MATERIAL FOR THIS EXERCISE Block Start

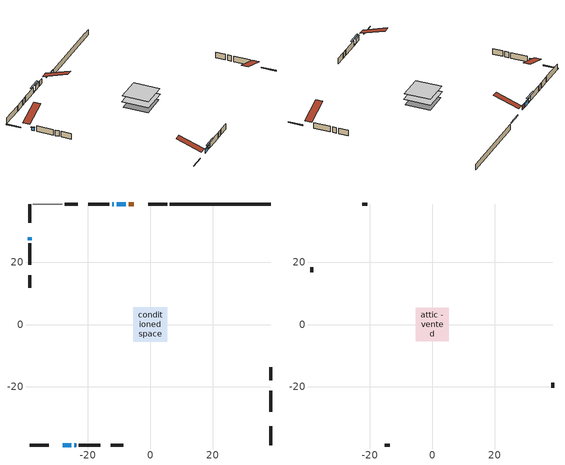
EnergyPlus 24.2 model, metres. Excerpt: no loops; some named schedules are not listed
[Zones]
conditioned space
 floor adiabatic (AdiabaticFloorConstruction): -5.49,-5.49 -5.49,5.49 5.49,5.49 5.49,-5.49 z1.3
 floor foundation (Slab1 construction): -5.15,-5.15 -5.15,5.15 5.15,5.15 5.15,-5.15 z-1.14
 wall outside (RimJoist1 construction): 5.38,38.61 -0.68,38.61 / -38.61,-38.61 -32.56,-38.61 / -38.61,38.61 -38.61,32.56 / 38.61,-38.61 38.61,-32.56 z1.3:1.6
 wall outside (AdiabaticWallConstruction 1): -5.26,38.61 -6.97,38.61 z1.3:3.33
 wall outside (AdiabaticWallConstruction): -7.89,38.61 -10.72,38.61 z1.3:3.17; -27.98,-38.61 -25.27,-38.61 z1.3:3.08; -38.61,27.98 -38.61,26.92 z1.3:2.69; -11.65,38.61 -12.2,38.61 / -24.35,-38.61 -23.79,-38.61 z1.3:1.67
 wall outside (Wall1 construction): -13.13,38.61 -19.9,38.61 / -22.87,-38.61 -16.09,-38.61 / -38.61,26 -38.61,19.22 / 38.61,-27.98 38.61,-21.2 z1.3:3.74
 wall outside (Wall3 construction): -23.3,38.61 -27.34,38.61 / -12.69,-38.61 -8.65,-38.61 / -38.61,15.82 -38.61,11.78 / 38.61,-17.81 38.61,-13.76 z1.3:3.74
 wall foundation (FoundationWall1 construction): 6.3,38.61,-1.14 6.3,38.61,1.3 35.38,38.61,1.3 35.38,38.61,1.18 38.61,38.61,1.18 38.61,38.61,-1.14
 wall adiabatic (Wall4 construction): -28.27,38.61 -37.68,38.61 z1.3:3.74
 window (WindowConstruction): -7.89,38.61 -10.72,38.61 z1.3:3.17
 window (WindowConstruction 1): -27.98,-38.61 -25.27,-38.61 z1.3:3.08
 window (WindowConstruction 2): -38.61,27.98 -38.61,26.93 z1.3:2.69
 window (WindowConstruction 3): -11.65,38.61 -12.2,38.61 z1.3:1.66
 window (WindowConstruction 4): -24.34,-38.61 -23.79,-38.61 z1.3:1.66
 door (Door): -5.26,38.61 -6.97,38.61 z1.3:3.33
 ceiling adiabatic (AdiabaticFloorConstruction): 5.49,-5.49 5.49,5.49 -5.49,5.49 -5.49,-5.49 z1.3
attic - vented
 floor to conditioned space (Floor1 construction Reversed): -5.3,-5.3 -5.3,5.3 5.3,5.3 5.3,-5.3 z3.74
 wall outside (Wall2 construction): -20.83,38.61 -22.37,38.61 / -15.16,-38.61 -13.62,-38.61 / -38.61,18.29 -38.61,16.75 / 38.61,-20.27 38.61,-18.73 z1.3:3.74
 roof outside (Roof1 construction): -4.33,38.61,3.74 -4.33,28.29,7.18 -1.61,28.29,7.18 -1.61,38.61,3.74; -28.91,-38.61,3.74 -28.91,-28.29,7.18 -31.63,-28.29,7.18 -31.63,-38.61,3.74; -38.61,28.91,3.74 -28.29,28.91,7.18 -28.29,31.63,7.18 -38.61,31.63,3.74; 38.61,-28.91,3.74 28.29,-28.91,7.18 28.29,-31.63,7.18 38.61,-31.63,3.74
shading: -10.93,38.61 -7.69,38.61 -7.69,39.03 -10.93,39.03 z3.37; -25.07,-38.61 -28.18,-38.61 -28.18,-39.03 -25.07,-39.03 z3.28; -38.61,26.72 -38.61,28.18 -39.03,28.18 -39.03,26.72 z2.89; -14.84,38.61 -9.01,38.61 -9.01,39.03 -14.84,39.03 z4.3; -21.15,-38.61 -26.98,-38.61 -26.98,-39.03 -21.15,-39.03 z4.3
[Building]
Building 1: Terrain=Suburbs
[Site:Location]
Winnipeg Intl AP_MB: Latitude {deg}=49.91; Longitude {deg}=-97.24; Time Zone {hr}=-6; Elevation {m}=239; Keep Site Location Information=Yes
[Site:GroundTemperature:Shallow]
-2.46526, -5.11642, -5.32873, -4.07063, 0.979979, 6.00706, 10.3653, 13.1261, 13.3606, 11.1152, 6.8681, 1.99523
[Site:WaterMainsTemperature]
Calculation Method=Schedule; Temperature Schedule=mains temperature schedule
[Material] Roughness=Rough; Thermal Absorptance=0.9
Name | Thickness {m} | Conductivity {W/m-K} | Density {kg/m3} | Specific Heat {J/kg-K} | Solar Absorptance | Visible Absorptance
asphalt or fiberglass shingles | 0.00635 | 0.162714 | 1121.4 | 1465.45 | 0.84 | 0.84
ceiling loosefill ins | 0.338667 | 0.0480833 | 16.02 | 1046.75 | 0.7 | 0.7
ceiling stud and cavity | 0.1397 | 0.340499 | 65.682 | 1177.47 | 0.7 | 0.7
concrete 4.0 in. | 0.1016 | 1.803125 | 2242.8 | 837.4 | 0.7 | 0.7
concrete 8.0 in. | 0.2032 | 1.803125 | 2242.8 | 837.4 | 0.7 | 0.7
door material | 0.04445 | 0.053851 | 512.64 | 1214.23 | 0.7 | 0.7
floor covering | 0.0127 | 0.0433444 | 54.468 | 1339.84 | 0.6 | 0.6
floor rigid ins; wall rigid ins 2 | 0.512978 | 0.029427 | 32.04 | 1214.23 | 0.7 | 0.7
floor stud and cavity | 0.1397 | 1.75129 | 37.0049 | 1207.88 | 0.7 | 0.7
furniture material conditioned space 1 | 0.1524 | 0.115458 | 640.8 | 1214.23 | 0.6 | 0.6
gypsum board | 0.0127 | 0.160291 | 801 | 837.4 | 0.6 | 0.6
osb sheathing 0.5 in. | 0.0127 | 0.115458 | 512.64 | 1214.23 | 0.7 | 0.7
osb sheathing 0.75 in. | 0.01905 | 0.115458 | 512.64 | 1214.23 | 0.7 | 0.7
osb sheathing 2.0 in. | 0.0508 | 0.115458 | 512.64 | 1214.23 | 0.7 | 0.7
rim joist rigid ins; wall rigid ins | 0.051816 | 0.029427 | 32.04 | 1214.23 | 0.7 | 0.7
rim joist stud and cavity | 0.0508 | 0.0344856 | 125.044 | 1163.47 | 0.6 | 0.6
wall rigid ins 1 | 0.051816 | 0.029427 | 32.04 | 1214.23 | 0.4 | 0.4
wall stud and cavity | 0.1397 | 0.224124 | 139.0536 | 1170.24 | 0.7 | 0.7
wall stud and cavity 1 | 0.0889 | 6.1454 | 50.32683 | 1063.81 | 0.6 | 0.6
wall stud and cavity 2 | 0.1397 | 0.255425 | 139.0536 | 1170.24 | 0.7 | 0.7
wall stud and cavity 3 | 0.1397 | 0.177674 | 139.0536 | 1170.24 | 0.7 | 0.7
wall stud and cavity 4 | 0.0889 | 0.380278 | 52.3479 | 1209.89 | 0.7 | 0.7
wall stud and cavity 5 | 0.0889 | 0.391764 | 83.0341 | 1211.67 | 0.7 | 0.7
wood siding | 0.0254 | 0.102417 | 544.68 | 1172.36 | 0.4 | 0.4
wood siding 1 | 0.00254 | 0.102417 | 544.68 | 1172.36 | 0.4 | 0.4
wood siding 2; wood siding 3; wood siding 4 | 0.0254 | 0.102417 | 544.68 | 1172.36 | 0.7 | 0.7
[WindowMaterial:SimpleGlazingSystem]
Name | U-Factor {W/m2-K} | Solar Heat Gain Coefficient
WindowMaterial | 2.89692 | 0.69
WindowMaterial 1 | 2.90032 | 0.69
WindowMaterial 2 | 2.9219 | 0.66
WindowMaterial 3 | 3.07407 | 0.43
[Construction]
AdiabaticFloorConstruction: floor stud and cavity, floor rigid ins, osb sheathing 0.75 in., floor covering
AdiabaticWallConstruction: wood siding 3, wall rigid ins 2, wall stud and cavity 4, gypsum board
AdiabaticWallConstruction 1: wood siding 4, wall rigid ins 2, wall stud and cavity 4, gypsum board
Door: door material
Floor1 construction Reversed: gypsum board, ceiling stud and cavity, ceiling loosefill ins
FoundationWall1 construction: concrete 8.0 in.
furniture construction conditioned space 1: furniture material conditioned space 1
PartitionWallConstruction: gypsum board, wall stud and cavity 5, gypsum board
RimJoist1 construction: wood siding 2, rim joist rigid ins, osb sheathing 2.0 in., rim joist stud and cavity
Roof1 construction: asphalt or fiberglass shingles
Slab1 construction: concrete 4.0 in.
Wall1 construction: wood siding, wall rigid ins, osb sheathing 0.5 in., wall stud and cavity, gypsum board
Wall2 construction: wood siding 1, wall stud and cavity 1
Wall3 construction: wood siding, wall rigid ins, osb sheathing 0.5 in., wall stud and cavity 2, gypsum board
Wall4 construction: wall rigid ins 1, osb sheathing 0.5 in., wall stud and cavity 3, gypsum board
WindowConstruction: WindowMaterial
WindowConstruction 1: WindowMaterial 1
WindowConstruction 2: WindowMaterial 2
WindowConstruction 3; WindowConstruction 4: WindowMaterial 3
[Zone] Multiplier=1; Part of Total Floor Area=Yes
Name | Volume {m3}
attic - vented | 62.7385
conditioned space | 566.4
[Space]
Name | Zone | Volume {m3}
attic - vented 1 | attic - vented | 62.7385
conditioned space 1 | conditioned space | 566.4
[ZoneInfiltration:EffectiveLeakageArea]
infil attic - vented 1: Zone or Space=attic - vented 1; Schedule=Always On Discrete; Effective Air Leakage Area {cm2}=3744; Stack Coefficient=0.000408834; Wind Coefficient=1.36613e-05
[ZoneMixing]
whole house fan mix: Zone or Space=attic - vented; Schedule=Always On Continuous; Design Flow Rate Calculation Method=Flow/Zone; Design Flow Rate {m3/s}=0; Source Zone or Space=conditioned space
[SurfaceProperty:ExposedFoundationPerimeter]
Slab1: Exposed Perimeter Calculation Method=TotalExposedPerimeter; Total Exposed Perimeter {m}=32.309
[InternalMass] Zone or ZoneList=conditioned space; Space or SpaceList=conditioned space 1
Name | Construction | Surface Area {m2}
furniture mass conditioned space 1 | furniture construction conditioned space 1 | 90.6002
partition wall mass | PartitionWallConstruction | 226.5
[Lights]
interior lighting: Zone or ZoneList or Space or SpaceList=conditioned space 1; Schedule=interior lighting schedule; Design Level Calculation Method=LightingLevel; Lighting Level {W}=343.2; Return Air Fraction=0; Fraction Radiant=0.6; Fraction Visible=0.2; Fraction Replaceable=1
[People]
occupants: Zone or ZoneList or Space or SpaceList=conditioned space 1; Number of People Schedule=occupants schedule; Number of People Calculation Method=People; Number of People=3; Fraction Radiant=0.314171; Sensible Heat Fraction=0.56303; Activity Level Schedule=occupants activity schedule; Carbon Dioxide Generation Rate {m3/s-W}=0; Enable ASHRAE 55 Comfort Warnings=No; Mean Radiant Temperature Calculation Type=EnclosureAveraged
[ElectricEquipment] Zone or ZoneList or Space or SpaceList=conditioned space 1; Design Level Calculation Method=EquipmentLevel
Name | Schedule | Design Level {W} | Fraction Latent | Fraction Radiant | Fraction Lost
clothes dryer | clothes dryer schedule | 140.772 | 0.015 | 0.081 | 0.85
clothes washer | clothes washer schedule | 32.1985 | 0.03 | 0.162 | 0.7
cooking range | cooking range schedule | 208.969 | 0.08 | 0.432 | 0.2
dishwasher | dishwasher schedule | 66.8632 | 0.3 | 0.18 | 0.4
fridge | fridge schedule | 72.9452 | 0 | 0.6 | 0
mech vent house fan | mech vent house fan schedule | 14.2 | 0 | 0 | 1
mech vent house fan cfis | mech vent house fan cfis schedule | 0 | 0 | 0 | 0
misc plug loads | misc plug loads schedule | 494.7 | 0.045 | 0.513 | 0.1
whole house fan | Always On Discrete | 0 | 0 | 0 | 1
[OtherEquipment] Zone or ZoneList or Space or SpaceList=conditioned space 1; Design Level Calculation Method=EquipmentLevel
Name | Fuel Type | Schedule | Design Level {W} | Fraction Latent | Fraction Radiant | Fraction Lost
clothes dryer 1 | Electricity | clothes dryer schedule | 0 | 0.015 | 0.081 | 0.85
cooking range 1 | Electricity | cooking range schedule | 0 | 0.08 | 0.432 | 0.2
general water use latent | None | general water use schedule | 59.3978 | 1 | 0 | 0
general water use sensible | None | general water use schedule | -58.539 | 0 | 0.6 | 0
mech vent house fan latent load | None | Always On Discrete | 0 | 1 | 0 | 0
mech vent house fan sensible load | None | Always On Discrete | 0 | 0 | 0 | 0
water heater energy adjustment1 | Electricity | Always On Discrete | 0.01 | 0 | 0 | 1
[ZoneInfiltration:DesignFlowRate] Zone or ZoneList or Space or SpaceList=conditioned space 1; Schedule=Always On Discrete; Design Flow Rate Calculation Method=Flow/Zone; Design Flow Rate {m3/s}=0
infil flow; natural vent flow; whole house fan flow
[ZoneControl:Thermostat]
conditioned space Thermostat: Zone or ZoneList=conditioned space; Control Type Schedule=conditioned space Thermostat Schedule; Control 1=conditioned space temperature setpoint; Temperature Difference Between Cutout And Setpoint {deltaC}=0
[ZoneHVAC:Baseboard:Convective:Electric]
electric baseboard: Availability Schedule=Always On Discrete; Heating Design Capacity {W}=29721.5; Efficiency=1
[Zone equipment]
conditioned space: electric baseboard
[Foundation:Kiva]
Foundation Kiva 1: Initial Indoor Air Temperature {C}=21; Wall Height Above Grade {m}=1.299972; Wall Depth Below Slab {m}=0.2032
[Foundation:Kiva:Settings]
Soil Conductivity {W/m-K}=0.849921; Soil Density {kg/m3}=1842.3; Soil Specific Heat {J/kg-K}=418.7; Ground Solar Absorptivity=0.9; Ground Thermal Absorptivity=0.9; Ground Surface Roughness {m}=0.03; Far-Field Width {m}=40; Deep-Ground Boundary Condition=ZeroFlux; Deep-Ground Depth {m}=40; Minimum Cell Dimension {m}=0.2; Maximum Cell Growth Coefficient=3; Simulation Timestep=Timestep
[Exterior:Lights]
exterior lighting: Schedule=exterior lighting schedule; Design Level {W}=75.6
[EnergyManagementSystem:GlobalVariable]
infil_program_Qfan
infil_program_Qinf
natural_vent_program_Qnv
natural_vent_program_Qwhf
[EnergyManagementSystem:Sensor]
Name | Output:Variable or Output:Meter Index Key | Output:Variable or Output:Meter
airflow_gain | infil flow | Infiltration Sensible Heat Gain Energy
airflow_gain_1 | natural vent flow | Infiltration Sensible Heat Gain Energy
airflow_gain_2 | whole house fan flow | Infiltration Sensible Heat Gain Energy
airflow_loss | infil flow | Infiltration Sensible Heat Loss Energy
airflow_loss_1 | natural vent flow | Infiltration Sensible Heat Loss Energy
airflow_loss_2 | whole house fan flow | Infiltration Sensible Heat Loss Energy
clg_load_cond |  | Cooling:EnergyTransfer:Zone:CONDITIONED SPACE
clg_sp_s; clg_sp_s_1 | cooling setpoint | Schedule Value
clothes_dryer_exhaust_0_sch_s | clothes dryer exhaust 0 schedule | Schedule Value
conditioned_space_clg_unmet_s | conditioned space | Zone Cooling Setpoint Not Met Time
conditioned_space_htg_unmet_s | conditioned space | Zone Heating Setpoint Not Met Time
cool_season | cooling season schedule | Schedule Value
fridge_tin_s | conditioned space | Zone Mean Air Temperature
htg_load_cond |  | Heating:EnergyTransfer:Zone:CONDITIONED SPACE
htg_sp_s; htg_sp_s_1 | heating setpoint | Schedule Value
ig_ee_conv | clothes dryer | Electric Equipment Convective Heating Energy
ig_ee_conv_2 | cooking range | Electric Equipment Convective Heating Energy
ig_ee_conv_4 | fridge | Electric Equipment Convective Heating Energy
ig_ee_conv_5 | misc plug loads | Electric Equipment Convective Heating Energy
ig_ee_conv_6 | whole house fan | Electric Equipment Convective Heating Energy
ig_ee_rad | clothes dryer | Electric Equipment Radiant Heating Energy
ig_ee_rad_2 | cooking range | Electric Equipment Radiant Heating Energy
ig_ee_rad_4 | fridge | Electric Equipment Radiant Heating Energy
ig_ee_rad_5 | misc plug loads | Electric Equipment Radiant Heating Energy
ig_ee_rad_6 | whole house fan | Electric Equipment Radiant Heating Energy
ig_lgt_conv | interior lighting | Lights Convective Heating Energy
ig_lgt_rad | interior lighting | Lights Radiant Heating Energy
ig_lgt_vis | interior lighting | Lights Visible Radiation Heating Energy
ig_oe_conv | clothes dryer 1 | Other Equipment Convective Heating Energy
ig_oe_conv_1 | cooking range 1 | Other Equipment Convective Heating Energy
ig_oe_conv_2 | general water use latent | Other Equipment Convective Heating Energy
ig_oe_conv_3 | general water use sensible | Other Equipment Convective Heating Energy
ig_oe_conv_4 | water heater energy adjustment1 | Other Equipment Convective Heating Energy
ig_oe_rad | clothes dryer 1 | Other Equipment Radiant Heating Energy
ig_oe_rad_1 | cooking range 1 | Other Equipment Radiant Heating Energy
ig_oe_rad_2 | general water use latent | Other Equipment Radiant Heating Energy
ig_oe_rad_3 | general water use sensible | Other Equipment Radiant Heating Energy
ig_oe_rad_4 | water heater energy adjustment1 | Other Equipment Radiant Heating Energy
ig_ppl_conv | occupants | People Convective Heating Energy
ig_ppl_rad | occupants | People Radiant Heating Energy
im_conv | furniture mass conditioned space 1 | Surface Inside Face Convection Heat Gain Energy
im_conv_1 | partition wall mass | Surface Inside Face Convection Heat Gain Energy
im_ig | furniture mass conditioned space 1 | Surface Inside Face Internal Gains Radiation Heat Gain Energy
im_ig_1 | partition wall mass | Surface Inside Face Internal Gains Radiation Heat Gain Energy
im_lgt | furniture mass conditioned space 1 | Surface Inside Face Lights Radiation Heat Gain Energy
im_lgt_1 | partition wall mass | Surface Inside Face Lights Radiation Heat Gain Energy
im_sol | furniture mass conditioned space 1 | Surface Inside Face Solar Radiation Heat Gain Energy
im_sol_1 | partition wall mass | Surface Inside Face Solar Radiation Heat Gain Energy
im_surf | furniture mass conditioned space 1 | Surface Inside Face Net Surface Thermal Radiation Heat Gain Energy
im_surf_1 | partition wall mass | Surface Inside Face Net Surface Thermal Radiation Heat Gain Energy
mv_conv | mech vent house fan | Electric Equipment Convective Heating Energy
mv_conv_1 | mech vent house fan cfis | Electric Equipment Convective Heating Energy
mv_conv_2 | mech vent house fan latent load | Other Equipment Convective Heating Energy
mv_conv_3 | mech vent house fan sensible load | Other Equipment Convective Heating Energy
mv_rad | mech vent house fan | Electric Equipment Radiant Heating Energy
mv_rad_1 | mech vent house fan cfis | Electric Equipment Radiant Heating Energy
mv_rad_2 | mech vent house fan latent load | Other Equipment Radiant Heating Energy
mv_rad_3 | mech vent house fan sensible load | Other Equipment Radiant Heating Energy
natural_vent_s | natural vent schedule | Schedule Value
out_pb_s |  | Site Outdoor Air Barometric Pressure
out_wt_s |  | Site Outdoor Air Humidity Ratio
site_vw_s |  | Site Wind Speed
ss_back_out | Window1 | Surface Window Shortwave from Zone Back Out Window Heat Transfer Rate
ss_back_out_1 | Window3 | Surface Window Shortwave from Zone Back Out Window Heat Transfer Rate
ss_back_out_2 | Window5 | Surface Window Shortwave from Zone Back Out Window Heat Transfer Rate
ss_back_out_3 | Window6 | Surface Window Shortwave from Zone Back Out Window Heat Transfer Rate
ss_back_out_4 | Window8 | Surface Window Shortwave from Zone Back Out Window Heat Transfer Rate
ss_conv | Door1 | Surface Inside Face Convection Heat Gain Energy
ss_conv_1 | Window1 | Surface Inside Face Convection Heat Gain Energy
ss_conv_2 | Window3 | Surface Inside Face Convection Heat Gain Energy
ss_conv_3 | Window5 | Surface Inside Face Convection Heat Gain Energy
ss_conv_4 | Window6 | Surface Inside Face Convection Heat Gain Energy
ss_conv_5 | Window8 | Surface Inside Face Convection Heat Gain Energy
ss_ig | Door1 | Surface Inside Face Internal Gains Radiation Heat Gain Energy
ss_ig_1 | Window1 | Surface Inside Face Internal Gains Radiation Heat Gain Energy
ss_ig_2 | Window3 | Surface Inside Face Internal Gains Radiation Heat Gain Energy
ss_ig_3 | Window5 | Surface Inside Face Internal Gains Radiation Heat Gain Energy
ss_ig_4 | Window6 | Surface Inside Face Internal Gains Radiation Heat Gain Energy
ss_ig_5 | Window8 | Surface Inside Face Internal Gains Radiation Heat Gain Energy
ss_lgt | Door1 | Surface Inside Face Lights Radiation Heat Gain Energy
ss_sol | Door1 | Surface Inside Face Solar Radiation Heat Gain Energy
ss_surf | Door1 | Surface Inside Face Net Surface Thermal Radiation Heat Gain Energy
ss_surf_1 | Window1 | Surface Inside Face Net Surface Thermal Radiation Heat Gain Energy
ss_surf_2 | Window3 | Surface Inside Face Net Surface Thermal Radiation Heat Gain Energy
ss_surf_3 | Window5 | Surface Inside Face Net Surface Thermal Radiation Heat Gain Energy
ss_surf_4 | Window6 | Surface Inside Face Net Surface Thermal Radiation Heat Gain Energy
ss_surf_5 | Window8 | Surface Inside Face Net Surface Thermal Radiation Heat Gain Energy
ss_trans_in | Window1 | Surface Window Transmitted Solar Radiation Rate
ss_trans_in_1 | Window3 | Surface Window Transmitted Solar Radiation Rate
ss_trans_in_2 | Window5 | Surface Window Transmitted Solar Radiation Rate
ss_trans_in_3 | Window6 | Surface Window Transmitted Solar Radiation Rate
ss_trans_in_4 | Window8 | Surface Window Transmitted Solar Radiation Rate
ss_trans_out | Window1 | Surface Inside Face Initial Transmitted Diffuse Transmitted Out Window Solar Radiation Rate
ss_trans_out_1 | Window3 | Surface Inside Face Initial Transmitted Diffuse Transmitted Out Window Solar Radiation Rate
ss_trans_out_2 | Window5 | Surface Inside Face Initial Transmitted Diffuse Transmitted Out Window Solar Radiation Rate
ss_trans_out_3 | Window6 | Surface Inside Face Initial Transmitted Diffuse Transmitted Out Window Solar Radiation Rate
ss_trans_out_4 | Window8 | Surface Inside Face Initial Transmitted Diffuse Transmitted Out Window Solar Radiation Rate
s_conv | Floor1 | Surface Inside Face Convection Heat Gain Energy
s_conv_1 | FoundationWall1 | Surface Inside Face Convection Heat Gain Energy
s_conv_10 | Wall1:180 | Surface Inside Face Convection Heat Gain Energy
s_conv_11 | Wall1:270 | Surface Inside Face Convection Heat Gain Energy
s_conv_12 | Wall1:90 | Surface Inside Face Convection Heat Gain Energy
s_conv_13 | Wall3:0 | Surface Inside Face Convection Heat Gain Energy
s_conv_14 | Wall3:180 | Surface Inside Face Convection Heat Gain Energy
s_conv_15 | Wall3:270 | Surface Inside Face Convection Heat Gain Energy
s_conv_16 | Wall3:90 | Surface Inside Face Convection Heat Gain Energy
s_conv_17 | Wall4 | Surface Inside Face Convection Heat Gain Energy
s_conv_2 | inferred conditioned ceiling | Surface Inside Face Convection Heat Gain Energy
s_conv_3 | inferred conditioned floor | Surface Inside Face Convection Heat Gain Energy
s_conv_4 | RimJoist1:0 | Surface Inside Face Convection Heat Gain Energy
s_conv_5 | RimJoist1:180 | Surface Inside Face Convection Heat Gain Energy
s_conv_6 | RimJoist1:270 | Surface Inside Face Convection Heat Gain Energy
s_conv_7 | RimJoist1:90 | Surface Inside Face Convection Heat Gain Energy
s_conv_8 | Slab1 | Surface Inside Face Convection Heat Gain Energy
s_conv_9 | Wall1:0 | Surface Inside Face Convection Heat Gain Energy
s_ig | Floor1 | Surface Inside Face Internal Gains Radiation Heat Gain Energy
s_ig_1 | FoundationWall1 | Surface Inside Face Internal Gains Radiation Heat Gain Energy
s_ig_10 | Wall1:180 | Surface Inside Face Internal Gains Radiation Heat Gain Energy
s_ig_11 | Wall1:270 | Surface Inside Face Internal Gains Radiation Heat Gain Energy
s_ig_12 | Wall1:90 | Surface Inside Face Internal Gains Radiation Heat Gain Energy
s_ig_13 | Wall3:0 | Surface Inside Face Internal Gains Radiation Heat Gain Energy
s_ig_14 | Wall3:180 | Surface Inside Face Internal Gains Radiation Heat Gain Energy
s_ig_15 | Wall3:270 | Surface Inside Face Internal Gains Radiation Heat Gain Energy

MATERIAL FOR THIS EXERCISE Block End

Look through the entries above; copy each line where the string "Kiva" appears.

[Foundation:Kiva]
Foundation Kiva 1: Initial Indoor Air Temperature {C}=21; Wall Height Above Grade {m}=1.299972; Wall Depth Below Slab {m}=0.2032
[Foundation:Kiva:Settings]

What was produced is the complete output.